A partir de então terá sido o cabeça de casal a retirar as utilidades da casa pelo que será crédito do património conjugal sobre o mesmo, a mensalidade de 324,85 euros.
2.
Respondeu o cabeça de casal quanto à omissão na relação, em síntese:
i)             estragado
ii)            já partilhado
iii)          indicado na verba n.4
iv)          já partilhado
v)            já partilhado
vi)          já partilhado
vii)         já não existe
viii)        já não existe
ix)           já não existe
 x)            já partilhado
xi)           já partilhado
xii)         já partilhado
xiii)        já partilhado
xiv)        já partilhado
xv)         já partilhado.
A partilha de tais bens terá ocorrido previamente ao divórcio.
Pretendendo a interessada ignorar a partilha, o cabeça de casal propõe trazer à relação "novos" bens que haviam na ocasião cabido àquela.
Sete, em poder dela.
Nega dever ao património a mensalidade referida na douta reclamação.
Faz referência a eventual crédito (150, euros mensais) pelo exercido da administração do imóvel. Não o concretiza todavia na douta relação suplementar.
Apresentou relação suplementar e obteve nova reclamação.
3.
Nada obsta à apreciação da douta reclamação. Não tendo sido oferecidos meios de prova, deve conhecer-se daquela de imediato.
A relação de bens consta de fls.44.
Os ex-cônjuges divorciaram-se em 18 de Novembro de 2004 (fls. 14 dos autos principais).
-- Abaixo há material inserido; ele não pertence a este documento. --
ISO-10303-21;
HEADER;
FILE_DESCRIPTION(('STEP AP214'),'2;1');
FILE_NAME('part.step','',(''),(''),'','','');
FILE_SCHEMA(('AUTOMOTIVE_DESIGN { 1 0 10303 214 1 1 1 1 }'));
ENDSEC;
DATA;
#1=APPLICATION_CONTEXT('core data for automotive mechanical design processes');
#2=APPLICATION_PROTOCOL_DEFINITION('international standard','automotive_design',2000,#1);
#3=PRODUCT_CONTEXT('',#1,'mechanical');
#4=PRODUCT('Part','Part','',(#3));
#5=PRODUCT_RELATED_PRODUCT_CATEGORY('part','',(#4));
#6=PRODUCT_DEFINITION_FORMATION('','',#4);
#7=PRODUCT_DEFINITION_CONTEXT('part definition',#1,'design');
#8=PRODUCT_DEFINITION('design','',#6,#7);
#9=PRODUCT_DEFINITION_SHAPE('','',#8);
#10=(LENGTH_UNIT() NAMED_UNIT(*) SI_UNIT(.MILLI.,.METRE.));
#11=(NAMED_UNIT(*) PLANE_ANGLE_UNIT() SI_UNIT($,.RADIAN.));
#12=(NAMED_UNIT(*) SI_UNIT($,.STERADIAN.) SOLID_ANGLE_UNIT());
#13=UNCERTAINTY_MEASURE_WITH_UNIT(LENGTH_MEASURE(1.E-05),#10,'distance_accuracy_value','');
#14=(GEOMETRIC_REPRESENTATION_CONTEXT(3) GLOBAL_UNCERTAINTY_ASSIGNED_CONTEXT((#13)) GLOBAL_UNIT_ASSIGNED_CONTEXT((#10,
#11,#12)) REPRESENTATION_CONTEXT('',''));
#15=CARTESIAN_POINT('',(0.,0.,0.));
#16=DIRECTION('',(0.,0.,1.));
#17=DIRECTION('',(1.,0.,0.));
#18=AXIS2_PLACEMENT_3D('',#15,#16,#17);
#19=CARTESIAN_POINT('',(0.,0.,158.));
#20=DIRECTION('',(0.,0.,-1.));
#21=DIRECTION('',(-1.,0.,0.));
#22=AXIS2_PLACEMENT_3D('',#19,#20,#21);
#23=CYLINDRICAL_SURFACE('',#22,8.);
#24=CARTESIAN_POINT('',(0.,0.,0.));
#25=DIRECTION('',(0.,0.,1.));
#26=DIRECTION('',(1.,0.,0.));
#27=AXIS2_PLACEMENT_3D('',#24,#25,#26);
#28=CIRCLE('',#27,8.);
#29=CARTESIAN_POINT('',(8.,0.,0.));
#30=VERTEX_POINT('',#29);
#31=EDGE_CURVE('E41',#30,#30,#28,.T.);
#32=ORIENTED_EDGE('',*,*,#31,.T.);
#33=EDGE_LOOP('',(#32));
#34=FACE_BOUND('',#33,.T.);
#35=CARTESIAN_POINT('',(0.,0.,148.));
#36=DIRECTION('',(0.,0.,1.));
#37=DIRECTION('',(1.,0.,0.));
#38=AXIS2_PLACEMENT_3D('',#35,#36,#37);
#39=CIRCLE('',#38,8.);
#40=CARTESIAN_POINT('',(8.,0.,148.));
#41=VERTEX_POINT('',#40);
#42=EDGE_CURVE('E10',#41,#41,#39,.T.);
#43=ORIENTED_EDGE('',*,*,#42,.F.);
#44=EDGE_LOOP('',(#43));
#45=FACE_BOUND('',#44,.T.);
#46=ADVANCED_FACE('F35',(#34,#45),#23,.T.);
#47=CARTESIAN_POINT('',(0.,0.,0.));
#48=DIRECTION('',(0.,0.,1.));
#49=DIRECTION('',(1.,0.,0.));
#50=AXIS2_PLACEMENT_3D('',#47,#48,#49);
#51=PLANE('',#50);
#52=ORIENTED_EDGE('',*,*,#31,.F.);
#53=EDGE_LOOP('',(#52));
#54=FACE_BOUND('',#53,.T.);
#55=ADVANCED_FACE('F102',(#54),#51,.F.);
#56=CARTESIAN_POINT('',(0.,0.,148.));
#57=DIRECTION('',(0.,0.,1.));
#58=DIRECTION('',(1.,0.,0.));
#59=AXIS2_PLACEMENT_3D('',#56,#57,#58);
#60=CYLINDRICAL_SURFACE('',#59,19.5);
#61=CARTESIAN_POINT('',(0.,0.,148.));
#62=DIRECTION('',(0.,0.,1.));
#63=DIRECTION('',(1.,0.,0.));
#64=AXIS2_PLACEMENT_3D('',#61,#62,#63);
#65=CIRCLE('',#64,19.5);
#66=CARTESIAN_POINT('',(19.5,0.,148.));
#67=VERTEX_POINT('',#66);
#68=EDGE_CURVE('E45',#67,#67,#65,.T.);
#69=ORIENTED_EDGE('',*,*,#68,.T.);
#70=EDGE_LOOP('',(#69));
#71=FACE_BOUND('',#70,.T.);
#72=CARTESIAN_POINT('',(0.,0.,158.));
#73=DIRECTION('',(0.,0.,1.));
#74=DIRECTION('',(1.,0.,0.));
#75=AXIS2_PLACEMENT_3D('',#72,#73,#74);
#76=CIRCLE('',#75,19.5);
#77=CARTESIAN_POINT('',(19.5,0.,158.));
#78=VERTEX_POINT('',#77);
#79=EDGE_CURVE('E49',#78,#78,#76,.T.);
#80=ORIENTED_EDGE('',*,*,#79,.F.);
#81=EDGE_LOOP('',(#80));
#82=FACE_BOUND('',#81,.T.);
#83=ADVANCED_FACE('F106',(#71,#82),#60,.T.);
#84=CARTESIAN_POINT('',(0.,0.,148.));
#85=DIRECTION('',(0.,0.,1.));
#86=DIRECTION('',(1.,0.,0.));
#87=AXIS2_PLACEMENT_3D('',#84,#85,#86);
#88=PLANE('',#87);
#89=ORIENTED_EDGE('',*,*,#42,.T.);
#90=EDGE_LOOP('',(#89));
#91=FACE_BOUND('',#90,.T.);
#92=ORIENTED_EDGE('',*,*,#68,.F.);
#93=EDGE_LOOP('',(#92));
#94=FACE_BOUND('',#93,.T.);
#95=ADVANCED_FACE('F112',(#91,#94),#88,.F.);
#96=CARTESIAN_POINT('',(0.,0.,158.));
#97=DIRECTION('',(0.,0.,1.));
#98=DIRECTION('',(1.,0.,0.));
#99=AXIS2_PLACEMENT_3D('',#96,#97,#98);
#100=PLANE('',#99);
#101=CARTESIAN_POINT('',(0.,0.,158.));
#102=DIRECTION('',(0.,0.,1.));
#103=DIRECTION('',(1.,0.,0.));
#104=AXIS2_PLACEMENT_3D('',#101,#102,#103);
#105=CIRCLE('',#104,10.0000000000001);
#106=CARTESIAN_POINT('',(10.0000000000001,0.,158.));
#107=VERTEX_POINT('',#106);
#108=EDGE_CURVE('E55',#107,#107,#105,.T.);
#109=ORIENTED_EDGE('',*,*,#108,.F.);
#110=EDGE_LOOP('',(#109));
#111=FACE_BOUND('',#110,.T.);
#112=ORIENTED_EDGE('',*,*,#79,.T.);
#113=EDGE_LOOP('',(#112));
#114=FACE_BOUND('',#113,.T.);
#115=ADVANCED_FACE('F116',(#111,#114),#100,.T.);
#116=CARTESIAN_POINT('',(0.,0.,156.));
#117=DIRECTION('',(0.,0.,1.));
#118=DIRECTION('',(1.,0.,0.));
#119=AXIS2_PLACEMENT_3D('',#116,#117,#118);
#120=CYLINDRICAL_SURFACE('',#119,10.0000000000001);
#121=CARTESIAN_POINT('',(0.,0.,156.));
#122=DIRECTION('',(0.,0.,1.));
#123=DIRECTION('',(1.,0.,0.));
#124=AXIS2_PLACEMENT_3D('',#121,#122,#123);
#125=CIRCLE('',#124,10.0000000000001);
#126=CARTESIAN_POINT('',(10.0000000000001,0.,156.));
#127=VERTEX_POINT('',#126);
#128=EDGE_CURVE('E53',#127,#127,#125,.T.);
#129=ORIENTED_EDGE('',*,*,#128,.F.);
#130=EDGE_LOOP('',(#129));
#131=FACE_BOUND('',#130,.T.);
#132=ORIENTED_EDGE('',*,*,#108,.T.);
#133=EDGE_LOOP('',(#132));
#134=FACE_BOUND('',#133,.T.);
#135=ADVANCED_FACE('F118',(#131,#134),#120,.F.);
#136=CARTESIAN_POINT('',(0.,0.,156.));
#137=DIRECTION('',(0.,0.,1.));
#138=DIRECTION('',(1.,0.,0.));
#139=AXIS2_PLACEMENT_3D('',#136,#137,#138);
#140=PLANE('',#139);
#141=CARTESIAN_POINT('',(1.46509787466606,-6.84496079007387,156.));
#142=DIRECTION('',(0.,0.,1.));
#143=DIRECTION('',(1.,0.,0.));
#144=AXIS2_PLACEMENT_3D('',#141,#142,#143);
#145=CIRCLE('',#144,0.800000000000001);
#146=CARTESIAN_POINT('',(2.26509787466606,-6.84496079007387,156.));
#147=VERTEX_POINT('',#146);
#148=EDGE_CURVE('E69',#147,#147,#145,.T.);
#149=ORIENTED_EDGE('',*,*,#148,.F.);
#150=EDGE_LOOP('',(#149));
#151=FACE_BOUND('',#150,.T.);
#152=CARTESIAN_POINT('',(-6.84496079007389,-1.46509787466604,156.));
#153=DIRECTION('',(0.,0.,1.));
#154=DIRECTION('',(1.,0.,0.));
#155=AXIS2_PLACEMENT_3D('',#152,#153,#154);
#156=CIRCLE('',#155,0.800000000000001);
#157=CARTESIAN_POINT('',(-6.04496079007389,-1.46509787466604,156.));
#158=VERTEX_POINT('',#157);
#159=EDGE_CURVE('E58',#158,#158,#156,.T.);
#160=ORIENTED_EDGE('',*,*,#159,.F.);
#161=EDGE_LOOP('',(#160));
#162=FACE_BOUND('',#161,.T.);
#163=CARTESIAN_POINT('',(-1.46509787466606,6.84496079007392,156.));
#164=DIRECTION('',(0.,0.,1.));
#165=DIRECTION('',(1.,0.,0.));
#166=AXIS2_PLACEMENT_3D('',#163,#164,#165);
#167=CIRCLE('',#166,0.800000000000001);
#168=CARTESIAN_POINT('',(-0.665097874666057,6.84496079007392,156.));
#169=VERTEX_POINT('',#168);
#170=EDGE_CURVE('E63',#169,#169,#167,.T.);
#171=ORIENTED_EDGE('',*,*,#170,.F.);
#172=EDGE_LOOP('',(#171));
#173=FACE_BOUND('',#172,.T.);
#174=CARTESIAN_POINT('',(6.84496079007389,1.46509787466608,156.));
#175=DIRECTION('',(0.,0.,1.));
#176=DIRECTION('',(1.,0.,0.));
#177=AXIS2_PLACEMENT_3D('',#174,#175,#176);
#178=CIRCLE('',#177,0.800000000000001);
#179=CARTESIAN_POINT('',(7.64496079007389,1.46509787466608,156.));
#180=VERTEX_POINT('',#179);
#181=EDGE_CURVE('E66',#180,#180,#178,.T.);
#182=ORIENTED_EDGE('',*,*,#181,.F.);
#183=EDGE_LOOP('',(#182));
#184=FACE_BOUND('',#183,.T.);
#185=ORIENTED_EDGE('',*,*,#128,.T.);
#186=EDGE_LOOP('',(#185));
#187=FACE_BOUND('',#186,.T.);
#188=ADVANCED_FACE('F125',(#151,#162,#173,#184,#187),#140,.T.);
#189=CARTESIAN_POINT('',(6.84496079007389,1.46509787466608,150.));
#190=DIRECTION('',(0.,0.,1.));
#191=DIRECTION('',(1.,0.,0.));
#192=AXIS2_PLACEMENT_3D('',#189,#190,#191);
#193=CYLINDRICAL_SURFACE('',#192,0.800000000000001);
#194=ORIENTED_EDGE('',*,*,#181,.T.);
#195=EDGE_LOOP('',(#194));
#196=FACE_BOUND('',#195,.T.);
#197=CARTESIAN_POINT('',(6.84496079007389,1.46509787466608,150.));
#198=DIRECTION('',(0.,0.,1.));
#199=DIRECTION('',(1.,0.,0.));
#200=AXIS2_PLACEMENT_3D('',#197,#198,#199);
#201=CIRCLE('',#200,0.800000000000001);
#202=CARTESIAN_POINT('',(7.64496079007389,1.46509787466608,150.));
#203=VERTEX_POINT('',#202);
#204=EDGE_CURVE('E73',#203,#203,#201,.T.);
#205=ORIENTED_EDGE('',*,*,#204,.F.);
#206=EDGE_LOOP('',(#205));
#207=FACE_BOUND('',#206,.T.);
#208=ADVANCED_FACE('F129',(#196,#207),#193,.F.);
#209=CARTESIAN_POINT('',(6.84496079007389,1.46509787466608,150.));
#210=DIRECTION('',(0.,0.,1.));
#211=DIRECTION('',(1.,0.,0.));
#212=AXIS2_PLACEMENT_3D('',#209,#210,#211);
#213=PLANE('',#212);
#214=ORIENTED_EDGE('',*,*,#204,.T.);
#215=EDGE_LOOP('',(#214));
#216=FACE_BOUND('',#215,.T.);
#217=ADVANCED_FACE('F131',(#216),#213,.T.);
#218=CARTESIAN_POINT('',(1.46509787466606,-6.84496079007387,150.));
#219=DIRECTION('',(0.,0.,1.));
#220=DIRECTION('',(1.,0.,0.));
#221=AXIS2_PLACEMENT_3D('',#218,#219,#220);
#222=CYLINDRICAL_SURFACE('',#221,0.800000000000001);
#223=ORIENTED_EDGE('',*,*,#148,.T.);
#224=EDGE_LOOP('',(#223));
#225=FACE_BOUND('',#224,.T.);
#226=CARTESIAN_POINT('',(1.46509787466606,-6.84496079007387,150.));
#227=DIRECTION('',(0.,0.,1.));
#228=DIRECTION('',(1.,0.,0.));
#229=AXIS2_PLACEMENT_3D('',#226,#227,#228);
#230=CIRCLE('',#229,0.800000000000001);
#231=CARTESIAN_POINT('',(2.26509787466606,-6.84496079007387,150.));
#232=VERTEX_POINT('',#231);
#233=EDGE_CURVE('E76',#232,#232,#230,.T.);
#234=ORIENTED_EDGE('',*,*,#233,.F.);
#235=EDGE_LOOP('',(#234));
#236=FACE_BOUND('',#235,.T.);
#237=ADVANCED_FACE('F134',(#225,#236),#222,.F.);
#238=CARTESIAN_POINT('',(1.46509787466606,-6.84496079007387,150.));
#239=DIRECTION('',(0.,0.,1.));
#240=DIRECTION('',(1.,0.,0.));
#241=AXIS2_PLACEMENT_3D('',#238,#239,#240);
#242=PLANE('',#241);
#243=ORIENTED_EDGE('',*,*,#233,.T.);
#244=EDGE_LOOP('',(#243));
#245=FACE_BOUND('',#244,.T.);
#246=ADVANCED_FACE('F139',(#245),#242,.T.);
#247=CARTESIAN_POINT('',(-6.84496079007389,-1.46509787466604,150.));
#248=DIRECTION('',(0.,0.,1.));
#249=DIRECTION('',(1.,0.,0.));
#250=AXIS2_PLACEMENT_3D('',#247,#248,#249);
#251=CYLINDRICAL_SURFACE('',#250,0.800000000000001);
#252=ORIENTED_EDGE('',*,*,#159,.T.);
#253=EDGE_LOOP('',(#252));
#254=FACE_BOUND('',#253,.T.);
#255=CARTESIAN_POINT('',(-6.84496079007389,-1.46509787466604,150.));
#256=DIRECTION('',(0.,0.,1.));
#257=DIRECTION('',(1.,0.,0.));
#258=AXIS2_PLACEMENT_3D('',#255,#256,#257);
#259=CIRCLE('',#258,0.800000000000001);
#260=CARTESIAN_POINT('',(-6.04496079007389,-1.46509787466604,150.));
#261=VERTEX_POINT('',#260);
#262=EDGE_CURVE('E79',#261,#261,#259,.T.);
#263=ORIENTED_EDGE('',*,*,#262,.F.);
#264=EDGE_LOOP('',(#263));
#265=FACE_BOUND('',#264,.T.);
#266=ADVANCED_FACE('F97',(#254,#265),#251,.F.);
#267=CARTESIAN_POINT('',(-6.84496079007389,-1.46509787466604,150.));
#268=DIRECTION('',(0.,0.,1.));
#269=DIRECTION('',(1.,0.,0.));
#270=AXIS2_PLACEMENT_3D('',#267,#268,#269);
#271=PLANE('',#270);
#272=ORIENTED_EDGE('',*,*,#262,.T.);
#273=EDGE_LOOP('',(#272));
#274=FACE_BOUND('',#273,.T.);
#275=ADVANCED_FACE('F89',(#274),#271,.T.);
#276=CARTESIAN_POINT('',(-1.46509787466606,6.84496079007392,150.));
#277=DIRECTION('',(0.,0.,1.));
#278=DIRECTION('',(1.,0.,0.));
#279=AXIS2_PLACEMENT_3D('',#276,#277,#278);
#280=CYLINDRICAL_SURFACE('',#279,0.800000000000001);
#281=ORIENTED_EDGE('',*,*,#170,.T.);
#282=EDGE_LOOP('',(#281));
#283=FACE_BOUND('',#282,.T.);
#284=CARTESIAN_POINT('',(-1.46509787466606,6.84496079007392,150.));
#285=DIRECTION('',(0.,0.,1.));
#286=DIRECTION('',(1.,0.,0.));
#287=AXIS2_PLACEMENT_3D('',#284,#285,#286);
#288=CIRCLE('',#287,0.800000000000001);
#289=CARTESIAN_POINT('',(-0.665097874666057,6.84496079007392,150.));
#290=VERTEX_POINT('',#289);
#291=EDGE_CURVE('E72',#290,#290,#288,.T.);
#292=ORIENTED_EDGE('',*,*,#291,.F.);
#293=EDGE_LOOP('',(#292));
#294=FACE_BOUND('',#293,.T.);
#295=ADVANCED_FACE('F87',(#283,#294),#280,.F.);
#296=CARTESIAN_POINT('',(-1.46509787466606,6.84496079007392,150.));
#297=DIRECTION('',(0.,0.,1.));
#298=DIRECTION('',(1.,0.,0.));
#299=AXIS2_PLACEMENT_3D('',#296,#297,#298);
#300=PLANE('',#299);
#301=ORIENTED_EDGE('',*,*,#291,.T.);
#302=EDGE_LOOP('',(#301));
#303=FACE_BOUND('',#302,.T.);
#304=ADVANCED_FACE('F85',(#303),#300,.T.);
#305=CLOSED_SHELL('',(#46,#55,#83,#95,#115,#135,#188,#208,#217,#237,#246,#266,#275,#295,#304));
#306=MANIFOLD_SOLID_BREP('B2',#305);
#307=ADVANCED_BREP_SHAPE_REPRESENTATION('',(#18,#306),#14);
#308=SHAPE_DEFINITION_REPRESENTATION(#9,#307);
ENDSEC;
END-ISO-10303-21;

Na ocasião, como manda a lei (art. 1419º CPC) identificaram os bens comuns que exigiriam partilha posterior ao divórcio: o ...° esquerdo no C, o empréstimo do banco, o recheio da casa (concretizado a fls.14).
Com a apresentação da relação relativa ao património do casal ficam os cônjuges vinculados à "especificação" dos bens elaborada pêlos próprios.
Ao invés da tendencial prevalência da transitoriedade dos "afectos" que justifica a desvinculação dos laços matrimoniais, quanto aos bens (salvo consenso posterior) fica estabelecido uma vinculação que veda a "criatividade" e dilação da discussão para fase subsequente ao divórcio.
Quanto à relação de fls. 44 ss., a interessada não discute, salvo o valor, a pertinência das verbas n.1 a n.9 e n.13.
Aceita-se a permanência.
Quanto ás verbas n.10 a n.12 afirma a interessada não serem devidas por si. Correspondem segundo o cabeça de casal a dívidas do património comum geradas de 1995 a 2006 (mesmo após o divórcio) sendo ele o credor.
Tais dividas não constam da "especificação" apresentada por ocasião do divórcio (em 2004) pelo que não persistirão as correspondentes verbas.

A relação de fls. 44 contém os bens móveis "especificados" no divórcio:  duas mobílias de quarto, móvel de entrada, mobília de sala com bar e sofás, máquina de lavar, roupas e loiças.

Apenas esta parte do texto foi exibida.